From Elsewhere: The War that we still live in the shadow of.

 

I’m one of those who are convinced that the West is still living with the after effects of World War One. The end of the First World War did not bring about peace but instead created a world inhabited by damaged individuals whose experience in World War One shaped their personalities, their interests and their politics.

There’s a brilliant article that was written in 2017 in Common Edge magazine about architecture and architectural trends following World War One. The article talks of how some of the more brutalist and inhumane building designs had their origins in both the personalities and mental conditions of the designers of buildings but also the effects of the trauma of conflict.

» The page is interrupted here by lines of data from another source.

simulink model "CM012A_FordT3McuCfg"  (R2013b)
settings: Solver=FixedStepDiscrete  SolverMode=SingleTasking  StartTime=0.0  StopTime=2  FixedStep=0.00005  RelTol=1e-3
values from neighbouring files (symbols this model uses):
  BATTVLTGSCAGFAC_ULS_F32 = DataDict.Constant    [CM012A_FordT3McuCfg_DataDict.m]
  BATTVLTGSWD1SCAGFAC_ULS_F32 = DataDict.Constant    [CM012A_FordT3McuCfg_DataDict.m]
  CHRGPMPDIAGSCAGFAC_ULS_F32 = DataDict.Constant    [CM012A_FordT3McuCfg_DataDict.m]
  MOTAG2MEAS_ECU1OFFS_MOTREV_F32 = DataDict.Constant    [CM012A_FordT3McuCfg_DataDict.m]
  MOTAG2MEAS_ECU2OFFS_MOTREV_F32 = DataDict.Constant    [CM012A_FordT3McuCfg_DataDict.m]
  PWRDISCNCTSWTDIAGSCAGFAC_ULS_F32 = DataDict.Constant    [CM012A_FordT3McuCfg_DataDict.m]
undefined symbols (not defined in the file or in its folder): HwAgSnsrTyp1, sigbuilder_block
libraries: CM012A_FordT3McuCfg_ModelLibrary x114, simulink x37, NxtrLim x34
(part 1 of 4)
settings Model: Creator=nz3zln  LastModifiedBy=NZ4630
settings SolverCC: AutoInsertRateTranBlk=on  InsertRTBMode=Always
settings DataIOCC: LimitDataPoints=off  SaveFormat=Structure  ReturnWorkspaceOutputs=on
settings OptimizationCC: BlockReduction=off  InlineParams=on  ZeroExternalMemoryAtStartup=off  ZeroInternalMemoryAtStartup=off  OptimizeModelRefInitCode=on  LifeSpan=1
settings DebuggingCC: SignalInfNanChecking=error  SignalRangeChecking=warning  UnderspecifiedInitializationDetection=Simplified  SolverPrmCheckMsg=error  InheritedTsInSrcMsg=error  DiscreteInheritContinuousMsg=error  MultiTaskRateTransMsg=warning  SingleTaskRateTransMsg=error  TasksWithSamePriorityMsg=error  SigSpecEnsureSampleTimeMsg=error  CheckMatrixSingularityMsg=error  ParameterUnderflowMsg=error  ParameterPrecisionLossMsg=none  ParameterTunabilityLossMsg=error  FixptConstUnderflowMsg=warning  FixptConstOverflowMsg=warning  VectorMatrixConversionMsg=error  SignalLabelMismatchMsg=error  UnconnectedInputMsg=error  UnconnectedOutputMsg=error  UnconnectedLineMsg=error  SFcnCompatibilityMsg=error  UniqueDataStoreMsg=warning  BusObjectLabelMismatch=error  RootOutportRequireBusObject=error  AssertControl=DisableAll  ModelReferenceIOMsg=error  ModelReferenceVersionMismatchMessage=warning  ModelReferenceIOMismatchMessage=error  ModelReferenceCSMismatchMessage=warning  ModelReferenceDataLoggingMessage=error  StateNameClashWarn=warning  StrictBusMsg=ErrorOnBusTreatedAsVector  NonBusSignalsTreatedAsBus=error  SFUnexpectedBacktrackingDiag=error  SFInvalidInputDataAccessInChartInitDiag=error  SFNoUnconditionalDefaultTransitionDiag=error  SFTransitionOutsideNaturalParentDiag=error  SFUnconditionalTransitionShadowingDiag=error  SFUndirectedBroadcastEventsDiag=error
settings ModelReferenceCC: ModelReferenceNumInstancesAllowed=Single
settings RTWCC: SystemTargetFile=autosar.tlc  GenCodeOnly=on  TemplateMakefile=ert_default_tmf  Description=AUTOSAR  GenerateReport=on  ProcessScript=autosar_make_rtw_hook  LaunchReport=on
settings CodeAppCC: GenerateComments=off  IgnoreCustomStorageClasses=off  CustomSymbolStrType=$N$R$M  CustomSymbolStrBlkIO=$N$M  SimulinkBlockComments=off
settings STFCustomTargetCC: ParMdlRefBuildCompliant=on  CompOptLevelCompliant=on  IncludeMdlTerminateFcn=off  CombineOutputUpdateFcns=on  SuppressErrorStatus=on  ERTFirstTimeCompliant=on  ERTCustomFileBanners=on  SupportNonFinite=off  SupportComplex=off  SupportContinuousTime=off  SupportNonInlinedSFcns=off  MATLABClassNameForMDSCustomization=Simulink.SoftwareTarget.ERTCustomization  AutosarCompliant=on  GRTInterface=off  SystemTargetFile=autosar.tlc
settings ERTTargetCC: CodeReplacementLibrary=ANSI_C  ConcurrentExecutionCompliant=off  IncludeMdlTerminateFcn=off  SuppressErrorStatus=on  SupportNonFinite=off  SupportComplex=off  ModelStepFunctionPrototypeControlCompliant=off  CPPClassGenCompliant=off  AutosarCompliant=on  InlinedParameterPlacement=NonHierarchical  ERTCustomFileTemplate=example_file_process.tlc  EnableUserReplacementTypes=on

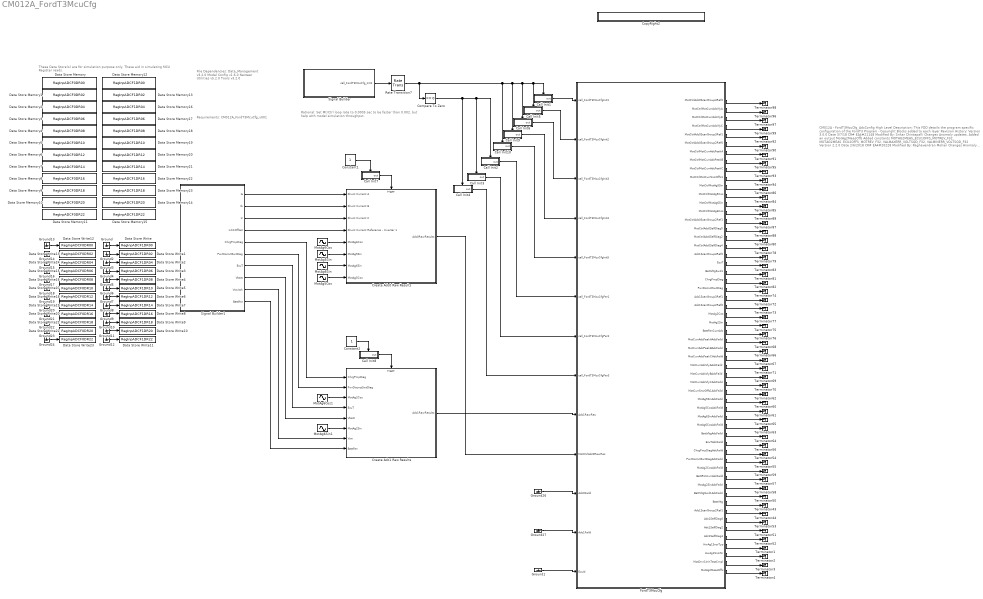
== system CM012A_FordT3McuCfg ==
  note: These Data Store(s) are for simulation purpose only, These aid in simulating MCU
      | Register reads.
  note: File Dependencies:
      |
      | Data_Management v3.2.0
      | Model Config v1.6.0
      | Nexteer Utilities v5.2.0
      | Tools v3.2.0
  note: CM012A - FordT3McuCfg_AdcConfig
      |
      | High Level Description:
      | This FDD details the program specific configuration of the FordT3 Program
      |  - Copyright Blocks added to each layer
      |
      | Revision History:
      |
      | Version		3.0.0
      | Date 		3/7/18
      | CR#		EA4#21148
      | Modified By: 	Srikar Chintapalli
      | Changes		Anomaly updates,
      |                       Added an output MotAg2MeasOffs
      | 			Added constants MOTAG2MEAS_ECU1OFFS_MOTREV_F32,
      |                       MOTAG2MEAS_ECU2OFFS_MOTREV_F32,
      |                       VALMAXERR_VOLTSQD_F32, VALMINERR_VOLTSQD_F32
      |
      |
      | Version		2.2.0
      | Date 		2/6/2018
      | CR#		EA4#20228
      | Modified By: 	Raghavendran Mohan
      | Changes		Anomaly updates,
      | 			Updated (.m) DataDict file,
      | 			ECUTMEAS_FILTAU_HZ_F32 = 2;
      | 			ECUTMEAS_RNGDIAGCMAX_DEGCGRD_F32 = 125;
      | 			ECUTMEAS_RNGDIAGCMIN_DEGCGRD_F32 = -40;
      |
      | 			Port Config spreadsheet
      | 			Updated All SENT peripherals to have high port drive strength.
      | 			Updated Handwheel torque signal names and FDD names.
      |
      | 			AdcConfig spreadsheet, FordT3McuCfgAndUse.vsd
      | 			Swapped the virtual channel naming for Peak and Valley motor current reads.
      |
      | 			SensorAbstraction spreadsheet,
      | 			Updated Motor angle and Handwheel torque component list.
      |
      | Version		2.1.0
      | Date 		11/30/2017
      | CR#		EA4#17822
      | Modified By: 	Raghavendran Mohan
      | Changes		- Modified EngVal for ECUTMEAS_ECUTX_VOLT_U3P13 and
      | 		         ECUTMEAS_ECUTY_DEGCGRD_S8P7 in the DataDict file.
      | 			- Modified PIBC for ECUID1.
      | 			- Renamed HwTrq 1 and HwTrq8 in the PortConfig File.
      | 			- Removed Writes to MSR_LM2 register to avoid guard errors.
      | 				(powerdownmoderegister).
      |
      | Version		2.0.0
      | Date 		9/5/2017
      | CR#		EA4#12623
      | Modified By: 	Raghavendran Mohan
      | Changes		- Added MotDrvr1IninTestCmpl as an output.
      | 			- Updated Call locations.
      | 			- Updated Inverter Count ELECGLBPRM_IVTRCNT_CNT_U08
      | 			   to have value of 1 in (.m) DataDict file.
      | 			- Updated ECU ID Pin2. (PortConfig Excel).
      | 			- Updated GateDrive Signal names to GateDrive0 in PortConfig.
      | 			- Updated power supply SPI channel select as alternate output in PortConfig.
      | 			- Updated HwTrq components to be corresponding alternate outputs in PortConfig.
      | 			- Updated Hw Torque and Hw Angle Sensor Ntc information in DataDict.
      |
      | Version		1.0.0
      | Date 		7/24/2017
      | CR#		EA4#12623
      | Modified By: 	Raghavendran Mohan
      | Changes		Initial Release
  note: Requirements:
      |
      | CM012A_FordT3McuCfg_v001
  note: Rational:
      |
      | Set MtrCtrl loop rate to 0.0005 sec to be
      | faster than 0.002, but help with model simulation
      | throughput.
  Call Init1 : Subsystem  TreatAsAtomicUnit=on
  Call Init10 : Subsystem  TreatAsAtomicUnit=on
  Call Init2 : Subsystem  TreatAsAtomicUnit=on
  Call Init3 : Subsystem  TreatAsAtomicUnit=on
  Call Init4 : Subsystem  TreatAsAtomicUnit=on
  Call Init5 : Subsystem  TreatAsAtomicUnit=on
  Call Init6 : Subsystem  TreatAsAtomicUnit=on
  Call Init7 : Subsystem  TreatAsAtomicUnit=on
  Call Init8 : Subsystem  TreatAsAtomicUnit=on
  Call Init9 : Subsystem  TreatAsAtomicUnit=on
  Compare To Zero : simulink/Logic and Bit Operations/Compare To Zero  relop===  OutDataTypeStr=uint8
  Constant1 : Constant  OutDataTypeStr=int8
  Constant2 : Constant  OutDataTypeStr=int8
  CopyRight2 : Subsystem  Description=|  mask(Copyright Information){none=on}
      | Copyright info block.                                               
      |                                                                     
      | Place copyright information at the top of every subsystem in design.
      mask prompts: none "No parameters"
      mask help: Place copyright information at the top of every subsystem in design.
      mask Display:
      | NxtrConf = 'Nexteer Confidential';
      | 
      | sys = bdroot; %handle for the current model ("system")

The authors, Anne Sussmann and Katie Chen, start off by examining how some architects might be influenced by autistic spectrum disorders that in turn affect their choice of building designs. They do make a good point here about how traditional buildings that may have features that look like human faces might put off those designers with autistic spectrum disorders and may have been a factor in why they designed buildings that were so radical and jarring.

However what caught my eye is the section about the experiences that some architects had in their early lives during World War One. They make the point that even if they were not combatants, the effect of losing so many people from the countries that were fighting had an impact on the personalities, politics and design choices made by these architects.

I can see how this might happen. The First World War was so culturally, religiously and politically traumatic that one response to it would be to try to do anything that was different from the world that existed before and during the war.

Ms Sussmann and Ms Chen after speaking about the war’s influence on Le Corbusier said:

The impact of World War I turns out to be quite significant for other founding modern architects, too—for different personal reasons. Both Walter Gropius (1883-1969), who brought the modern curriculum to Harvard’s Graduate School of Design in the 1930s, and Ludwig Mies van der Rohe (1886-1969) who did the same for the Illinois Institute of Technology, likely suffered from post-traumatic stress disorder (PTSD), or brain damage from surviving years of military conscription in the German Army which lost more than two million men in the four-year conflict.

Today’s trauma specialists know “the body keeps the score,” as Dr. Bessel van der Kolk, the founder of the Trauma Center of Brookline MA and world-renown PTSD expert, is fond of saying. (He published a New York Times best-selling book of the same title in 2014.) Prolonged and repeated exposure to near-death experiences change the brain, actually shrinking it, fMRI research shows. Survivors lose the ability to interpret environmental stimuli in a normal or “neurotypical” way and, similarly to autism, the disorder can significantly compromise their ability to understand and empathize with others. PTSD sufferers tend to avoid eye contact, something the mentally healthy perennially seek for emotional regulation.

Gropius’s war experiences were particularly horrific; seriously wounded on the Western Front, he also survived a plane flight where the pilot had been shot dead. So, when he built his own home in a Boston suburb, (in Lincoln, MA, 1938) two decades later, and three thousand miles away from where he saw military action, he put the building on a remote hilltop far from the street. Its front façade and overall form suggest a concrete pill box or duck blind, complete with flat roof, hidden door and slit windows, the better to shoot from. His home office has a front window with a sill more than four feet off the floor—no one could possibly see him inside from outside and he could only see out when standing up (not unlike a WWI trench). The brain of a war veteran may forever mix past with present, struggling to find safety ever after; the terrorized subcortical parts of his brain, stuck at the Front, directing every move of the design.

The problem is this sort of design, informed by personal trauma, has not just been confined to the homes of architects. This sort of brutal, inhumane and fearful design of building one devoid of ornament and joy has been inflicted on millions. When we look at some of the more awful and badly designed buildings from the mid 20th century to the present we are looking at buildings created by those who were in their turn influenced by those whose First World War trauma informed their design choices. In building styles at least it is therefore reasonable to say that even today, with the last World War One combatant long dead, that we are still living with the influences of those individuals whose war experiences between 1914 and 1918 profoundly afflicted them.

 

4 Comments on "From Elsewhere: The War that we still live in the shadow of."

  1. Thanks, that’s an interesting angle. I don’t entirely agree, cultural changes are so complex and the effects of WW1 have heen widely debated. I tend to think that the reaction to Victorianism had been well in effect for a decade or two before WW1 which puts the focus more on both changes and withstanding. For instance there was a move away from the Victorian Gothic Revival with the Arts and Crafts movement and house designs by Phillip Webb and others.

    The fear factor is also about not moving forwards, cf all the mock Tudor pubs built in the 1920s and 30s as part of the Improved Pubs initiative. Arguably a move towards trying to find a security in the past, they were generally pleasant buildings and many that have gone now are much missed.

    A problem with current developments I think is that they cut corners by not employing the most creative and talented architects who come at a price, and so we get ill-proportioned messes.

    A lot more to blame than Gropius?

  2. *been widely debated

  3. Over the past few years I’ve come to the view that WW1 (and to a lesser extend WW2) killed Western Civ’s belief and confidence in itself, the absence of these has lead to its weakness an inability to resist the ideological challengers who want to tear it down and replace it.